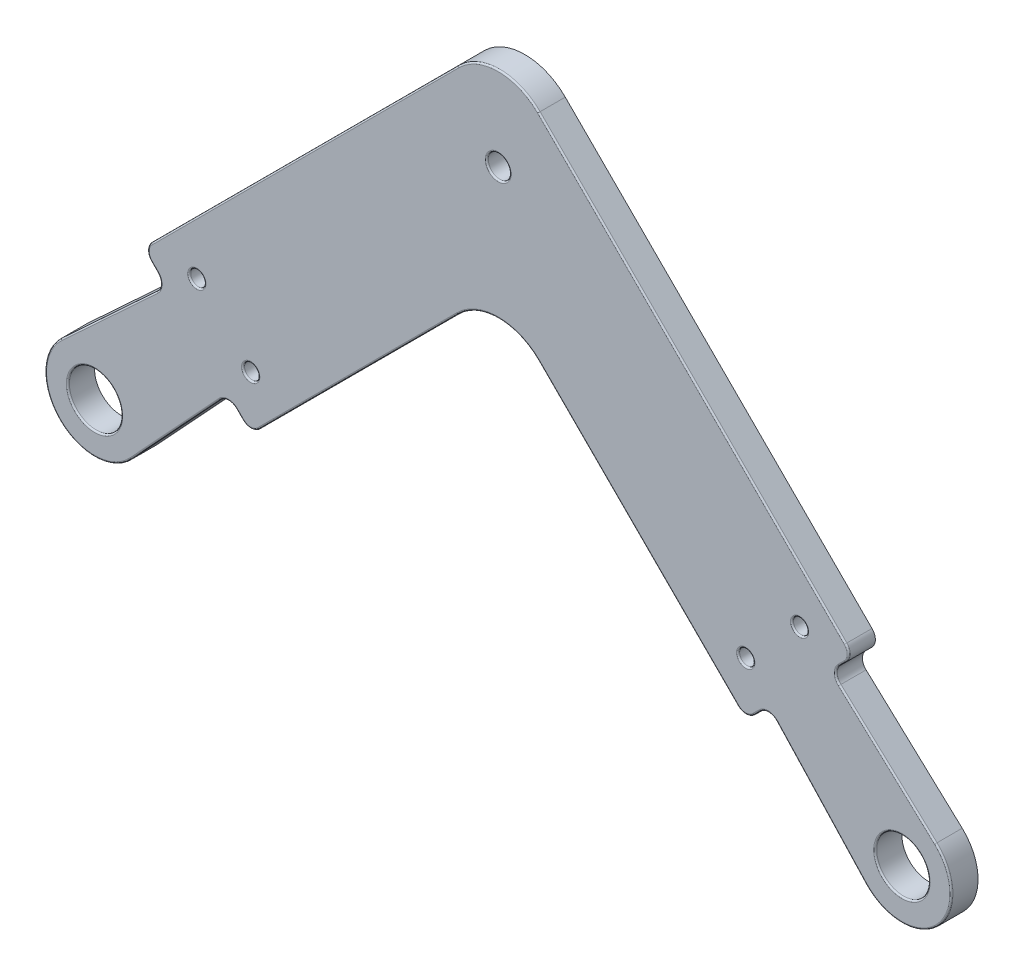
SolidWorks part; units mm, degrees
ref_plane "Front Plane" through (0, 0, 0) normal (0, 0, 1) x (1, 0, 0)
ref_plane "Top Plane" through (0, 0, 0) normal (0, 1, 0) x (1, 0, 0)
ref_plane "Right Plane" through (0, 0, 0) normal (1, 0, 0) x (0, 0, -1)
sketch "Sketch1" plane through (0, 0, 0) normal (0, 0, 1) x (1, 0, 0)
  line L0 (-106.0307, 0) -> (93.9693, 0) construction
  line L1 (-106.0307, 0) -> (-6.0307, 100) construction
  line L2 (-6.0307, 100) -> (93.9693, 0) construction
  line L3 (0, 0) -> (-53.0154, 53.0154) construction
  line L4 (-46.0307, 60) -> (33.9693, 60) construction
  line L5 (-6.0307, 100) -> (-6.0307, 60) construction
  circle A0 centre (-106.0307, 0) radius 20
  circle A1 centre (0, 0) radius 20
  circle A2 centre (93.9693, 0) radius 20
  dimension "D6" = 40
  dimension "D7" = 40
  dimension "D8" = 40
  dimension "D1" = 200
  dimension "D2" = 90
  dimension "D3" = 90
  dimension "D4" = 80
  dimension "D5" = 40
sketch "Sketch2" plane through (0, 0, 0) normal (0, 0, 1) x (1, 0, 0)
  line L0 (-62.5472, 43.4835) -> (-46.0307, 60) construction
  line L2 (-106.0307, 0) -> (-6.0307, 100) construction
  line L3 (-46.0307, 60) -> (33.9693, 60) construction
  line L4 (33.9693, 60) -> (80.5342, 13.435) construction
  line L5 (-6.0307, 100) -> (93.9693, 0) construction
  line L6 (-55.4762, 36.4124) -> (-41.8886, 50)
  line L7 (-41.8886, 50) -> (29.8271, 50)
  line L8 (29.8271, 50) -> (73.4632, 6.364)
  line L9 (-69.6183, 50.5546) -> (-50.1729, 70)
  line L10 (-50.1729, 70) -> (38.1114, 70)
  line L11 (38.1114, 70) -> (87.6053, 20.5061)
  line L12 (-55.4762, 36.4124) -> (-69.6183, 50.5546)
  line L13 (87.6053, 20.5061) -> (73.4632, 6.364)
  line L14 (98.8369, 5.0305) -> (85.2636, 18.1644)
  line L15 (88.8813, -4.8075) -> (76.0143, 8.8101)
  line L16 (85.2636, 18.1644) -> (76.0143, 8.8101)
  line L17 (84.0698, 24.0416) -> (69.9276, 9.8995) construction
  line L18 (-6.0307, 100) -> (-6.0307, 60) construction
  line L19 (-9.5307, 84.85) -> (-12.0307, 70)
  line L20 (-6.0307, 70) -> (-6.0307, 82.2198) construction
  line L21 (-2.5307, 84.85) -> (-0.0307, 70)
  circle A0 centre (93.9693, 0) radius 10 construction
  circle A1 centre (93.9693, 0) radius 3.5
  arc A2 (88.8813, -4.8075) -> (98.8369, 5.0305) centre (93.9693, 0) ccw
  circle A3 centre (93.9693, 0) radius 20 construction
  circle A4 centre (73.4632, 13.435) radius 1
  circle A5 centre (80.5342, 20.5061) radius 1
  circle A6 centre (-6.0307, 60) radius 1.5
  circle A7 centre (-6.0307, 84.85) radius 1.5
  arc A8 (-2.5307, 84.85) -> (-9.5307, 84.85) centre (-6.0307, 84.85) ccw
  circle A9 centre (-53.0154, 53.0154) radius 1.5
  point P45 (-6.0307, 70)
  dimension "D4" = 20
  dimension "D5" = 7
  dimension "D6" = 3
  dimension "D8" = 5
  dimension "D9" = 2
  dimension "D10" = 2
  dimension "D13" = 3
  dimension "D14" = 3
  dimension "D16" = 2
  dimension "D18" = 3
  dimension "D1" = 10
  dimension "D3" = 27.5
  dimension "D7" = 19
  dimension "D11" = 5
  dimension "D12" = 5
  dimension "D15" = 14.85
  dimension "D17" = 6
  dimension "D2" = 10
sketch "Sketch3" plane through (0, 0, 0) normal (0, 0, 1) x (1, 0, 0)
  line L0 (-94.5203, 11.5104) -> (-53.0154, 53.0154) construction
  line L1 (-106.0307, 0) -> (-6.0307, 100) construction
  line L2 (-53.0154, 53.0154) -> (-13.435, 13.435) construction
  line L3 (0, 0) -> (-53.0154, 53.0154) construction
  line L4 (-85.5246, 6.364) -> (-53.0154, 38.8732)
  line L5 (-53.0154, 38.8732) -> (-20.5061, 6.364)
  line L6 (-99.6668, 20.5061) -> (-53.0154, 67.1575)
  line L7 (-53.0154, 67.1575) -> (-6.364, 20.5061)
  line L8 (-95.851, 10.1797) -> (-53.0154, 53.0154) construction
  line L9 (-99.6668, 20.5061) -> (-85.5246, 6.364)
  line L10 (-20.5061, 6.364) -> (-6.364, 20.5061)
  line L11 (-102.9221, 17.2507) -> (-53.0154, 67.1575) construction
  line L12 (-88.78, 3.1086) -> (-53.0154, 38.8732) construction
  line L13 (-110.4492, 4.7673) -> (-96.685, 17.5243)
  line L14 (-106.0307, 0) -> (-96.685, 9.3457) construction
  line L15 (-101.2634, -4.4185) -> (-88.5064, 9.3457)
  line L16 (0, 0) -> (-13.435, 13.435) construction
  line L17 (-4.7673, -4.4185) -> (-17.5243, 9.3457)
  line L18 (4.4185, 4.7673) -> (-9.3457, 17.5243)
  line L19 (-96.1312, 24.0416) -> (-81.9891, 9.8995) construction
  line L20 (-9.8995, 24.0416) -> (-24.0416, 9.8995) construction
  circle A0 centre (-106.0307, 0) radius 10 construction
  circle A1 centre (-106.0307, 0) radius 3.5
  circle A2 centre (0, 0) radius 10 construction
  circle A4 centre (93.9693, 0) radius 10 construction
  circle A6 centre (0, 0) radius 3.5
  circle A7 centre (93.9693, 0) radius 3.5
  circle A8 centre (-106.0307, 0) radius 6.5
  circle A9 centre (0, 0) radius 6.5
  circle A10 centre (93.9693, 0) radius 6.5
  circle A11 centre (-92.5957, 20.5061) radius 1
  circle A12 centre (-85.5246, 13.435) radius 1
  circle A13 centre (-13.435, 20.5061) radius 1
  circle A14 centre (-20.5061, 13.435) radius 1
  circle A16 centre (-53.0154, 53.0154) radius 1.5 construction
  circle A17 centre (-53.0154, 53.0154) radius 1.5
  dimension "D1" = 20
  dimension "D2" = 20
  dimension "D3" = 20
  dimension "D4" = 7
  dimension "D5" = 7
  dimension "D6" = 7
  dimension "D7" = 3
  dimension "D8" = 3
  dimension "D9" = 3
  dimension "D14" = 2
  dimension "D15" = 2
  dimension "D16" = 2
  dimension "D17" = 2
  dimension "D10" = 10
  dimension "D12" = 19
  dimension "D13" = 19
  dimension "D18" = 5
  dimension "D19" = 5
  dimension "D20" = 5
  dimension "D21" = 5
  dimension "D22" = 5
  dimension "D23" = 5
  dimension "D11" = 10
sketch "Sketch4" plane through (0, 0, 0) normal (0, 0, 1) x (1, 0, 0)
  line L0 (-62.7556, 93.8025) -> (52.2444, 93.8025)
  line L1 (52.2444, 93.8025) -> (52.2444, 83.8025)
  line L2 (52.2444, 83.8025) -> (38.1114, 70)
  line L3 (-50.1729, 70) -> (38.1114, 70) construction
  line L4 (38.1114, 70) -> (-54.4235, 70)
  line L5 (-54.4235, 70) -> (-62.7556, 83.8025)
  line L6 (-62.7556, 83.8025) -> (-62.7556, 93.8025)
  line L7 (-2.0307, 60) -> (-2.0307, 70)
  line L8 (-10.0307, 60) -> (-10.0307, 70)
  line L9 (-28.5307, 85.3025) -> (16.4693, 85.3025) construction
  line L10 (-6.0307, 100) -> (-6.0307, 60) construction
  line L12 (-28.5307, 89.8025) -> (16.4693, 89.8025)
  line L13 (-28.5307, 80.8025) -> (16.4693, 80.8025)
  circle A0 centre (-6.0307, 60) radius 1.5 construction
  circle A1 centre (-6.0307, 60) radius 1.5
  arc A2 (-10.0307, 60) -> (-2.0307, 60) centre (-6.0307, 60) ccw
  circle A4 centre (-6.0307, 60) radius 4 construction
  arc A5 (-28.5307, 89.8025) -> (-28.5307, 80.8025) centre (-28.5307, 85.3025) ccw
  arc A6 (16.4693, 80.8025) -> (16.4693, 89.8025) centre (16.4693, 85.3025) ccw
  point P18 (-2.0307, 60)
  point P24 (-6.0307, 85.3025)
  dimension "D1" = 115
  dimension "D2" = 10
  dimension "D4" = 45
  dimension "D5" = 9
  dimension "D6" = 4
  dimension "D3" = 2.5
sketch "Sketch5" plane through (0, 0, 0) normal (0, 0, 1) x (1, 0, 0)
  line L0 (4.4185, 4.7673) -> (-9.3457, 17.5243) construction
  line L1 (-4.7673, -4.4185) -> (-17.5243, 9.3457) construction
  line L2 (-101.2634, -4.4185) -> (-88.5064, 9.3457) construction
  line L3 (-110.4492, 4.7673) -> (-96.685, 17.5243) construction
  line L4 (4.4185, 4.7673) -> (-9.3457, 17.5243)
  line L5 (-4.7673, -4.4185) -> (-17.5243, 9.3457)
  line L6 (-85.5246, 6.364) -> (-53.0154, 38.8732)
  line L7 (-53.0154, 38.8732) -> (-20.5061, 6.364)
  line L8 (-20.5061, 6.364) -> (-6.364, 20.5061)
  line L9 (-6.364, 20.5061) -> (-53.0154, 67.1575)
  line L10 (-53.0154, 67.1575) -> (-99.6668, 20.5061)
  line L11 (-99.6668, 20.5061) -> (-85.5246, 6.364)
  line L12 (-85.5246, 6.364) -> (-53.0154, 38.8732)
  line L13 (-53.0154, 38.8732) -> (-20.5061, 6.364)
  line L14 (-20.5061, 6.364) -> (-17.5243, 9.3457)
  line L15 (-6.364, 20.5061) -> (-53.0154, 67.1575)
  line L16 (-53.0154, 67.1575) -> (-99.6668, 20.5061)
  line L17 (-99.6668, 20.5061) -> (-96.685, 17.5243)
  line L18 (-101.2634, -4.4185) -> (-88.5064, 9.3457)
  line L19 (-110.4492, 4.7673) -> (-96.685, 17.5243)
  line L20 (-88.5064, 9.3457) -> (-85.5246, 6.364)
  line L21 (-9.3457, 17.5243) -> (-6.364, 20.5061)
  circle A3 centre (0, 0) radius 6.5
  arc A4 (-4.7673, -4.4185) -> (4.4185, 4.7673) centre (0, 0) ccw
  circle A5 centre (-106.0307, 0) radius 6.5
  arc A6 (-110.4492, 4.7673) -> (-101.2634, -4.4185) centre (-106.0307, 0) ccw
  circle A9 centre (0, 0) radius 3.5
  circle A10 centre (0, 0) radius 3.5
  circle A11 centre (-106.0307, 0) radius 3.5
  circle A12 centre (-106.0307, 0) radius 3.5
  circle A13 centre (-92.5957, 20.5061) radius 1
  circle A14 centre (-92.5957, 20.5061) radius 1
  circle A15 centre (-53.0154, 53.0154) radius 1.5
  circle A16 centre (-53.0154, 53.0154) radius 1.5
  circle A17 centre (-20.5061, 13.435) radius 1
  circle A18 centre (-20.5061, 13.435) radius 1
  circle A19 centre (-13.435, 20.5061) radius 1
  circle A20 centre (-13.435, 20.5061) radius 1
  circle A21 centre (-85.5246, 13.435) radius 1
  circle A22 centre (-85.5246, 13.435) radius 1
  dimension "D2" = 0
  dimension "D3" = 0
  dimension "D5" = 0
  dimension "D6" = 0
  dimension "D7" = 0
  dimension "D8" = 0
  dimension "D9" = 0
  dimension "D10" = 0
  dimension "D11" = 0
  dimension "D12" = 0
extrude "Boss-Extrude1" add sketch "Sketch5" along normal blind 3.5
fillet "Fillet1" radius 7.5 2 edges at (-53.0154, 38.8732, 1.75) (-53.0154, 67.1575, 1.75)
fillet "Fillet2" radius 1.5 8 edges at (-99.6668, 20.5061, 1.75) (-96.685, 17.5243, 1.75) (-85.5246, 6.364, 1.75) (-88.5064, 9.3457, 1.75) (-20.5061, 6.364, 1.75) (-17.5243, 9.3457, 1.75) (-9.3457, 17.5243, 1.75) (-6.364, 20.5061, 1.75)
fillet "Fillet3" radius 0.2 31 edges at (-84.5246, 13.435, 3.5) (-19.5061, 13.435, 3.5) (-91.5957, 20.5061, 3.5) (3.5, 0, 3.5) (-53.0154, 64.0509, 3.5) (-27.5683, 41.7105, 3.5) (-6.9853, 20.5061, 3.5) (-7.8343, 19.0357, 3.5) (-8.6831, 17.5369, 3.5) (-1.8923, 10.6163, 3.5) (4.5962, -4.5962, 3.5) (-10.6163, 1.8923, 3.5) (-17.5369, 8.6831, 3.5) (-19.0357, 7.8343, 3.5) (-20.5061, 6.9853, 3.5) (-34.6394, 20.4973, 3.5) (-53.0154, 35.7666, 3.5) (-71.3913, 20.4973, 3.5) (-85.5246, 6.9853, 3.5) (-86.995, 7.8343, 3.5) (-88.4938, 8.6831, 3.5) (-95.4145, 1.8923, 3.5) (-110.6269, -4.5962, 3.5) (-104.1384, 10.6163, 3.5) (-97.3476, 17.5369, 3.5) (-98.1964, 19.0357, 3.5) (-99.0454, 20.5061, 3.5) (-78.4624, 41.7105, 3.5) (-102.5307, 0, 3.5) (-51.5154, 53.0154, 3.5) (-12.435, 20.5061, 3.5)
- - -
YOUR ASSIGNMENT: Once you find the line with "line L7 (-2.0307, 60) -> (-2.0307, 70)" above, print it and every line after it up to and including the line with "arc A5 (-28.5307, 89.8025)", exactly as written and nothing else.

SOLUTION FOR THIS EXERCISE:
  line L7 (-2.0307, 60) -> (-2.0307, 70)
  line L8 (-10.0307, 60) -> (-10.0307, 70)
  line L9 (-28.5307, 85.3025) -> (16.4693, 85.3025) construction
  line L10 (-6.0307, 100) -> (-6.0307, 60) construction
  line L12 (-28.5307, 89.8025) -> (16.4693, 89.8025)
  line L13 (-28.5307, 80.8025) -> (16.4693, 80.8025)
  circle A0 centre (-6.0307, 60) radius 1.5 construction
  circle A1 centre (-6.0307, 60) radius 1.5
  arc A2 (-10.0307, 60) -> (-2.0307, 60) centre (-6.0307, 60) ccw
  circle A4 centre (-6.0307, 60) radius 4 construction
  arc A5 (-28.5307, 89.8025) -> (-28.5307, 80.8025) centre (-28.5307, 85.3025) ccw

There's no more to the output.